When I was 4 I was trying to drink water from a puddle and they were designing chips!
I was reading medical and other science books when I was 5... but did not start a company. (I look back at how hilarious it must have been back in 1966 when *they* tried to hold me BACK in kindergarten for "Improper Social Development" yet I was reading a 1st year medical book given to me by the family doctor, and due to mother and doctor they were FORCED to give me an I.Q. test, which included Rorshach drawings - one looked like a bat, and another looked like cells dividing so I said "cellular mitosis" since I wanted to impress the teacher with big words being not quite 6, and the teacher said "whu?" and I repeated and added "See those look like the chromosomes dividing". She left the room and I waited forever, thought I was in trouble - for being "smart". Test continued and I played with blocks for a while as some guy used a stop watch. I heard later I was pegged high off of the IQ scale - and NO SHIT, THIS REALLY HAPPENED - and *they* wanted to HOLD ME BACK in KINDERGARTEN for IMPROPER SOCIAL DEVELOPMENT (and, of course, DRUG me) - like a bunch of SOCIALISTS - in 1966! Hell I had nothing in common with other 5-6 year old kids, so what the hell?)
UNISOC, UNISCO, you only missed UNICOS, which would have confused we old folk.
re: the article,
I hope they weren't testing outside of a controlled environment.
This is the kind of bug that you expect to be demo'd at hacking conventions, but not by a participant, but by someone in the audience...
> The smartphone modem is a prime target for hackers
So I guess it's okay that only the most recent phones get a slim chance at patches...
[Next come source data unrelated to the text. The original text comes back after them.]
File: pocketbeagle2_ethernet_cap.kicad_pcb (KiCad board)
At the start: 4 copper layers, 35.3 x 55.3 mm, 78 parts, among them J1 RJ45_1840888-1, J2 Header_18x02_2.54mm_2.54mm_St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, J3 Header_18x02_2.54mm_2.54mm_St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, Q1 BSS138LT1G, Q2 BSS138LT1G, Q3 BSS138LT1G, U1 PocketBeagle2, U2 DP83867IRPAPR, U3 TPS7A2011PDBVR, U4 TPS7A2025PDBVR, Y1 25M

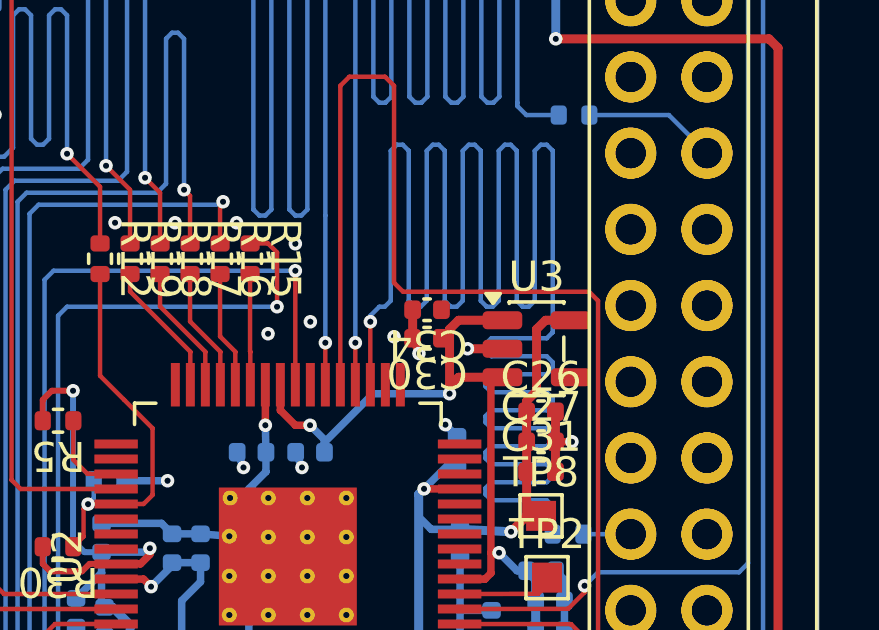
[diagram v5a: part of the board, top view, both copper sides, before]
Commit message: Add 3D models, fix PB2 stack height, C34 stub
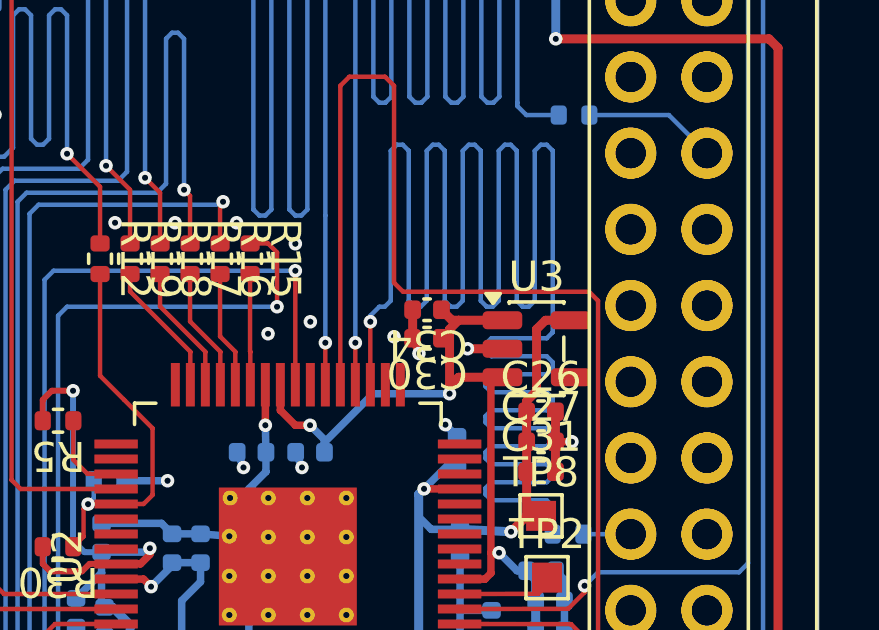
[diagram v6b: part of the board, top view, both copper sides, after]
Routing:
- net /VDD_3V3: track 176.1 -> 176.8 mm

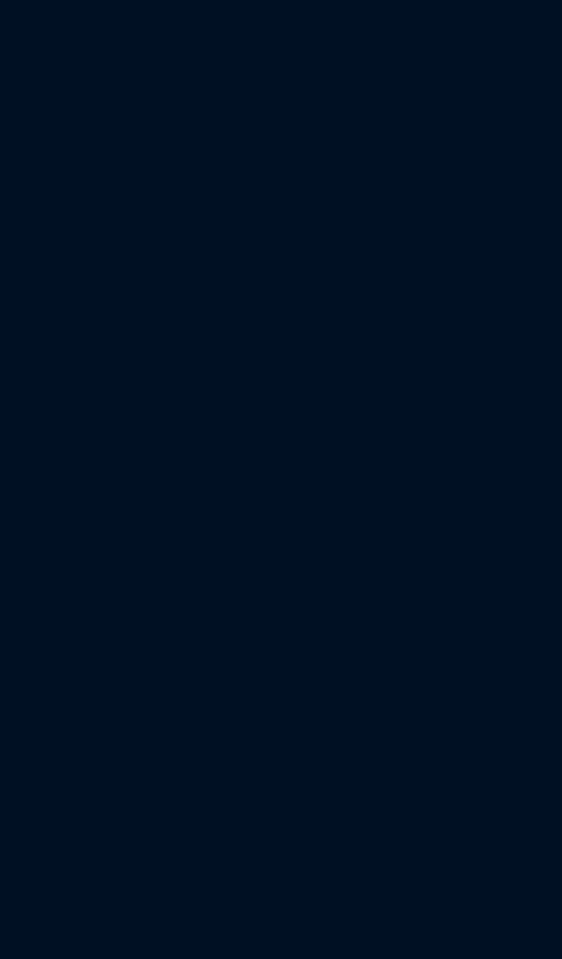
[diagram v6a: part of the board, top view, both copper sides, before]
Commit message: Add 1uF decoupling on PHY pins 4, 12, 41, 42
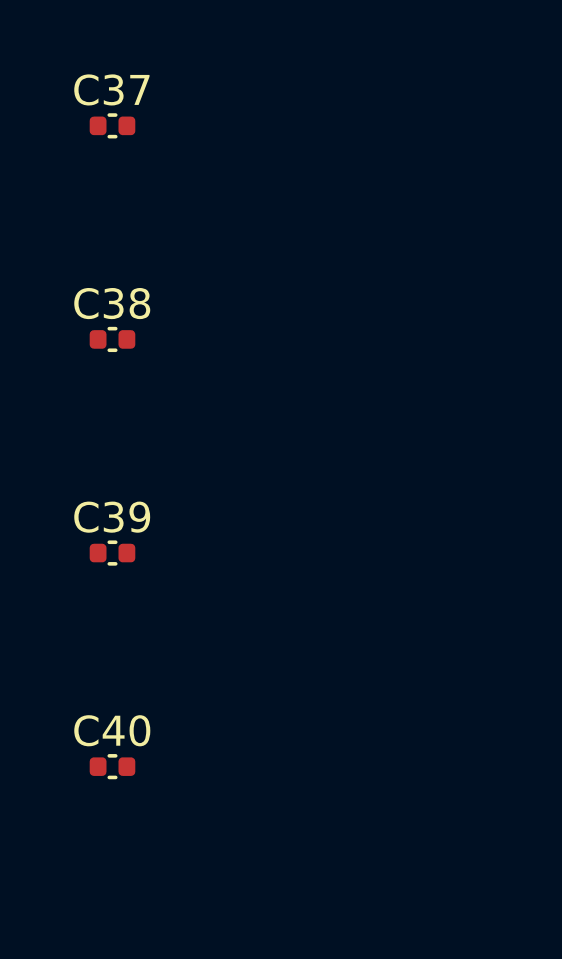
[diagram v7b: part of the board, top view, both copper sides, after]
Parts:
- added C37: 1u, KL_Footprints:C_0402, F.Cu at (5.91, 1.06)
- added C38: 1u, KL_Footprints:C_0402, F.Cu at (5.91, 8.18)
- added C39: 1u, KL_Footprints:C_0402, F.Cu at (5.91, 15.3)
- added C40: 1u, KL_Footprints:C_0402, F.Cu at (5.91, 22.4)

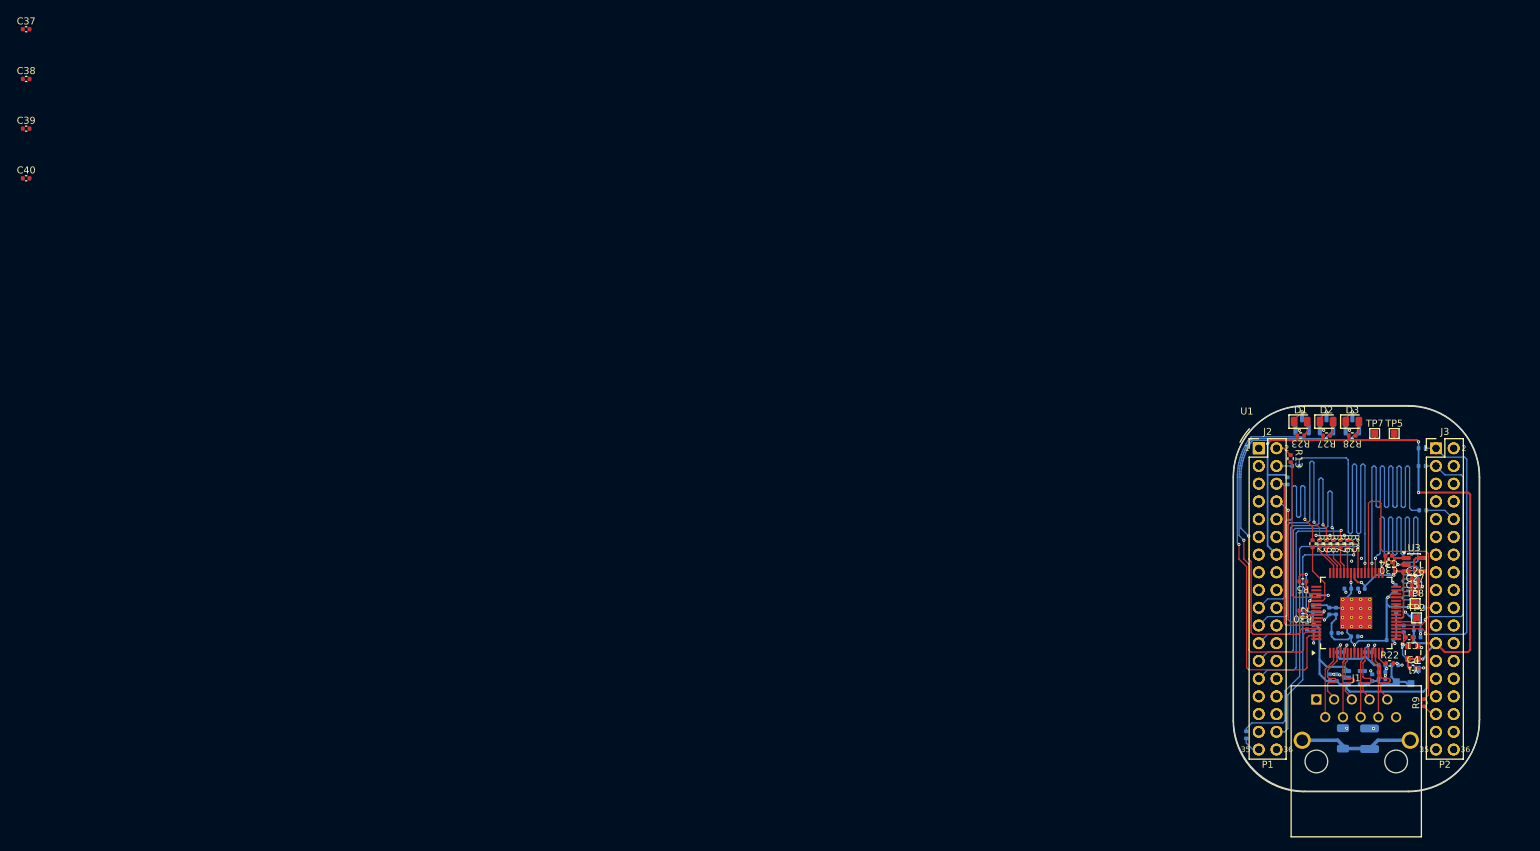
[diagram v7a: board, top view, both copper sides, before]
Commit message: Move J1 to bottom, rebuild MDI, U4 area, chassis planes
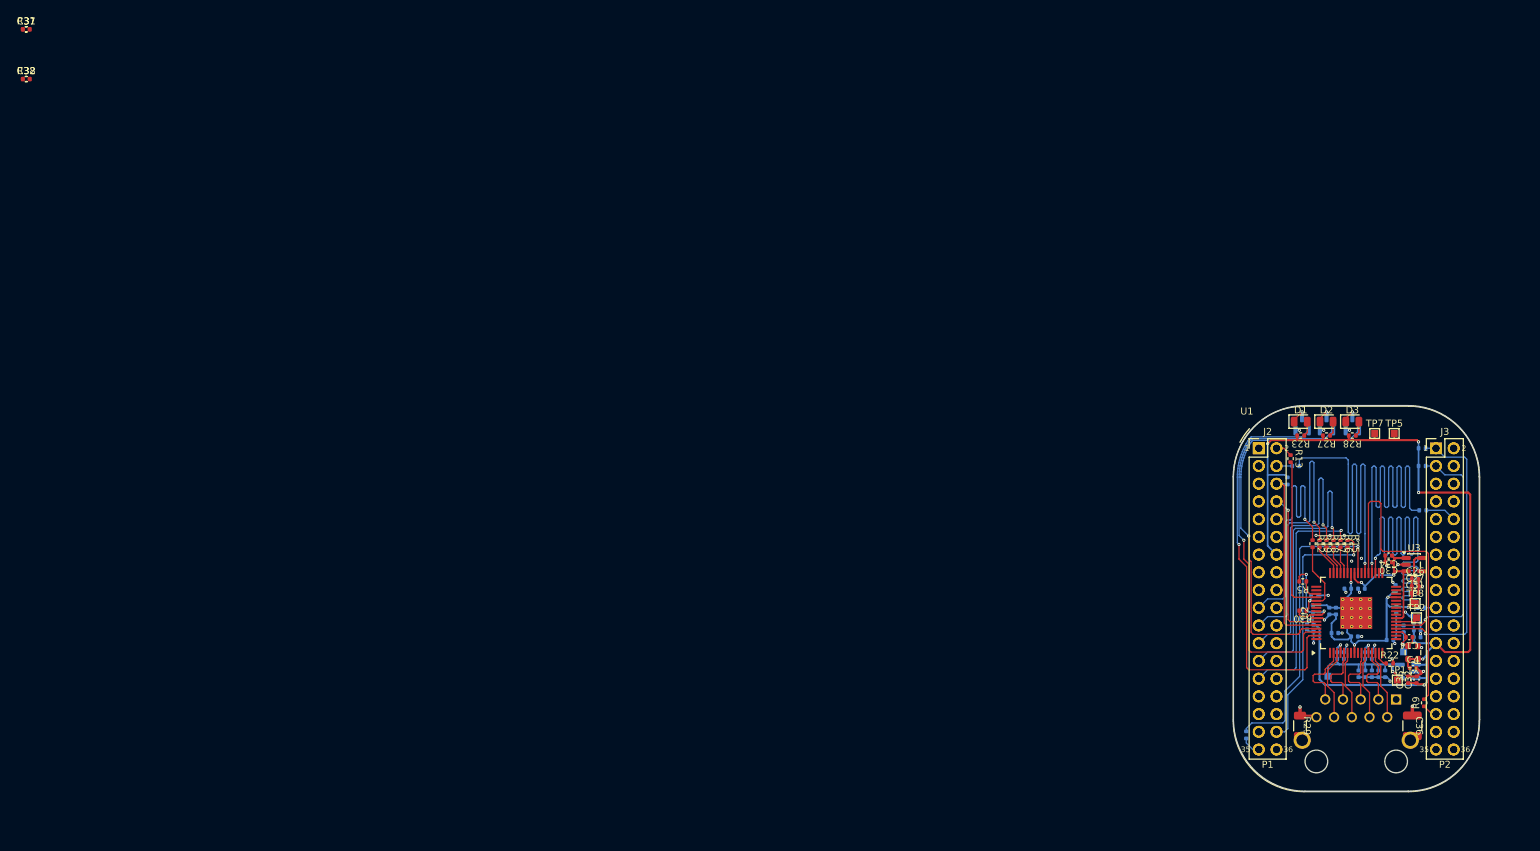
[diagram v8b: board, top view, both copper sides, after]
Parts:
- added R31: 5K76, KL_Footprints:R_0402, F.Cu at (5.93, 1.07)
- added R32: 2K49, KL_Footprints:R_0402, F.Cu at (5.93, 8.21)
- C32, C35, C36, R29, TP1: moved to F.Cu
- C39, C40, J1: moved to B.Cu
- moved C40 204.4 mm to (198.3, 91.3)
- moved C39 203.2 mm to (194.3, 91.3)
- moved C32 12.4 mm to (205.2, 94.3)
- moved TP6 11.9 mm to (192.5, 93.8)
- moved C35 10.3 mm to (204.0, 94.3)
- moved U4 7.75 mm to (204.0, 93.1), turned to 180 degrees
- moved R29 6.42 mm to (188.5, 100.9)
- moved C36 6.40 mm to (204.6, 100.9)
- moved C11 3.58 mm to (196.9, 93.5), turned to -90 degrees
- moved TP4 3.17 mm to (203.3, 90.3)
- moved C15 2.66 mm to (199.8, 93.5), turned to -90 degrees
- moved C8 2.41 mm to (197.8, 93.5), turned to -90 degrees
- moved C33 1.93 mm to (200.7, 93.5), turned to -90 degrees
- moved C19 1.63 mm to (198.8, 93.5), turned to -90 degrees
- moved TP1 0.29 mm to (202.4, 94.3)
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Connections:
- J1 pad 2: /network/phy/MDI0_PHY_RJ45_P -> /network/phy/MDI3_PHY_RJ45_N
- J1 pad 3: /network/phy/MDI0_PHY_RJ45_N -> /network/phy/MDI3_PHY_RJ45_P
- J1 pad 4: /network/phy/MDI1_PHY_RJ45_P -> /network/phy/MDI2_PHY_RJ45_N
- J1 pad 5: /network/phy/MDI1_PHY_RJ45_N -> /network/phy/MDI2_PHY_RJ45_P
- J1 pad 6: /network/phy/MDI2_PHY_RJ45_P -> /network/phy/MDI1_PHY_RJ45_N
- J1 pad 7: /network/phy/MDI2_PHY_RJ45_N -> /network/phy/MDI1_PHY_RJ45_P
- J1 pad 8: /network/phy/MDI3_PHY_RJ45_P -> /network/phy/MDI0_PHY_RJ45_N
- J1 pad 9: /network/phy/MDI3_PHY_RJ45_N -> /network/phy/MDI0_PHY_RJ45_P
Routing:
- net /network/rj45_connector_port0/CHASSIS: track 16.7 -> 1.35 mm
- net GND: track 39.0 -> 46.7 mm, vias 35 -> 30
- net /VDD_2V5: track 25.0 -> 28.4 mm, vias 2 -> 3
- net /network/oscillator/CLK_25M_OSC_to_PHY: track 9.34 -> 6.03 mm
- net /VDD_3V3: track 176.8 -> 176.7 mm, vias 9 -> 10

(For the record I have been using Android smartphones since Android 2.4, but I'm hesitating to continue this way. Hesitation only due to the lack of options, iApples being only marginally more secure.)
...in large part to the increase in online mobile payments, the use of mobile devices for tasks that involve sensitive information – such as banking information and credit card and social security numbers
My bank keeps trying to get me to download their app for my phone. I keep wondering why they think my phone is secure. What do they know about my phone that I don't?
> doesn’t mean you have a payment system
The app can make money transfers, can't it? So all the hacker has to do is to transfer your money to a mule. Or, less ambitious, just use it to circumvent 2FA.
Never forget, whoever controls your banking app controls your bank account.
> I keep wondering why they think my phone is secure.
Because if your phone app gets hacked it's your problem, not theirs.
On the other hand having all customers on a (TCP/IP) leash simplifies their herding management and alleviates need for brick & mortar branches. So for them it's win-win. For you and me it's Russian roulette (and given the apps of some banks, Russian roulette with a semiautomatic pistol instead of a revolver...).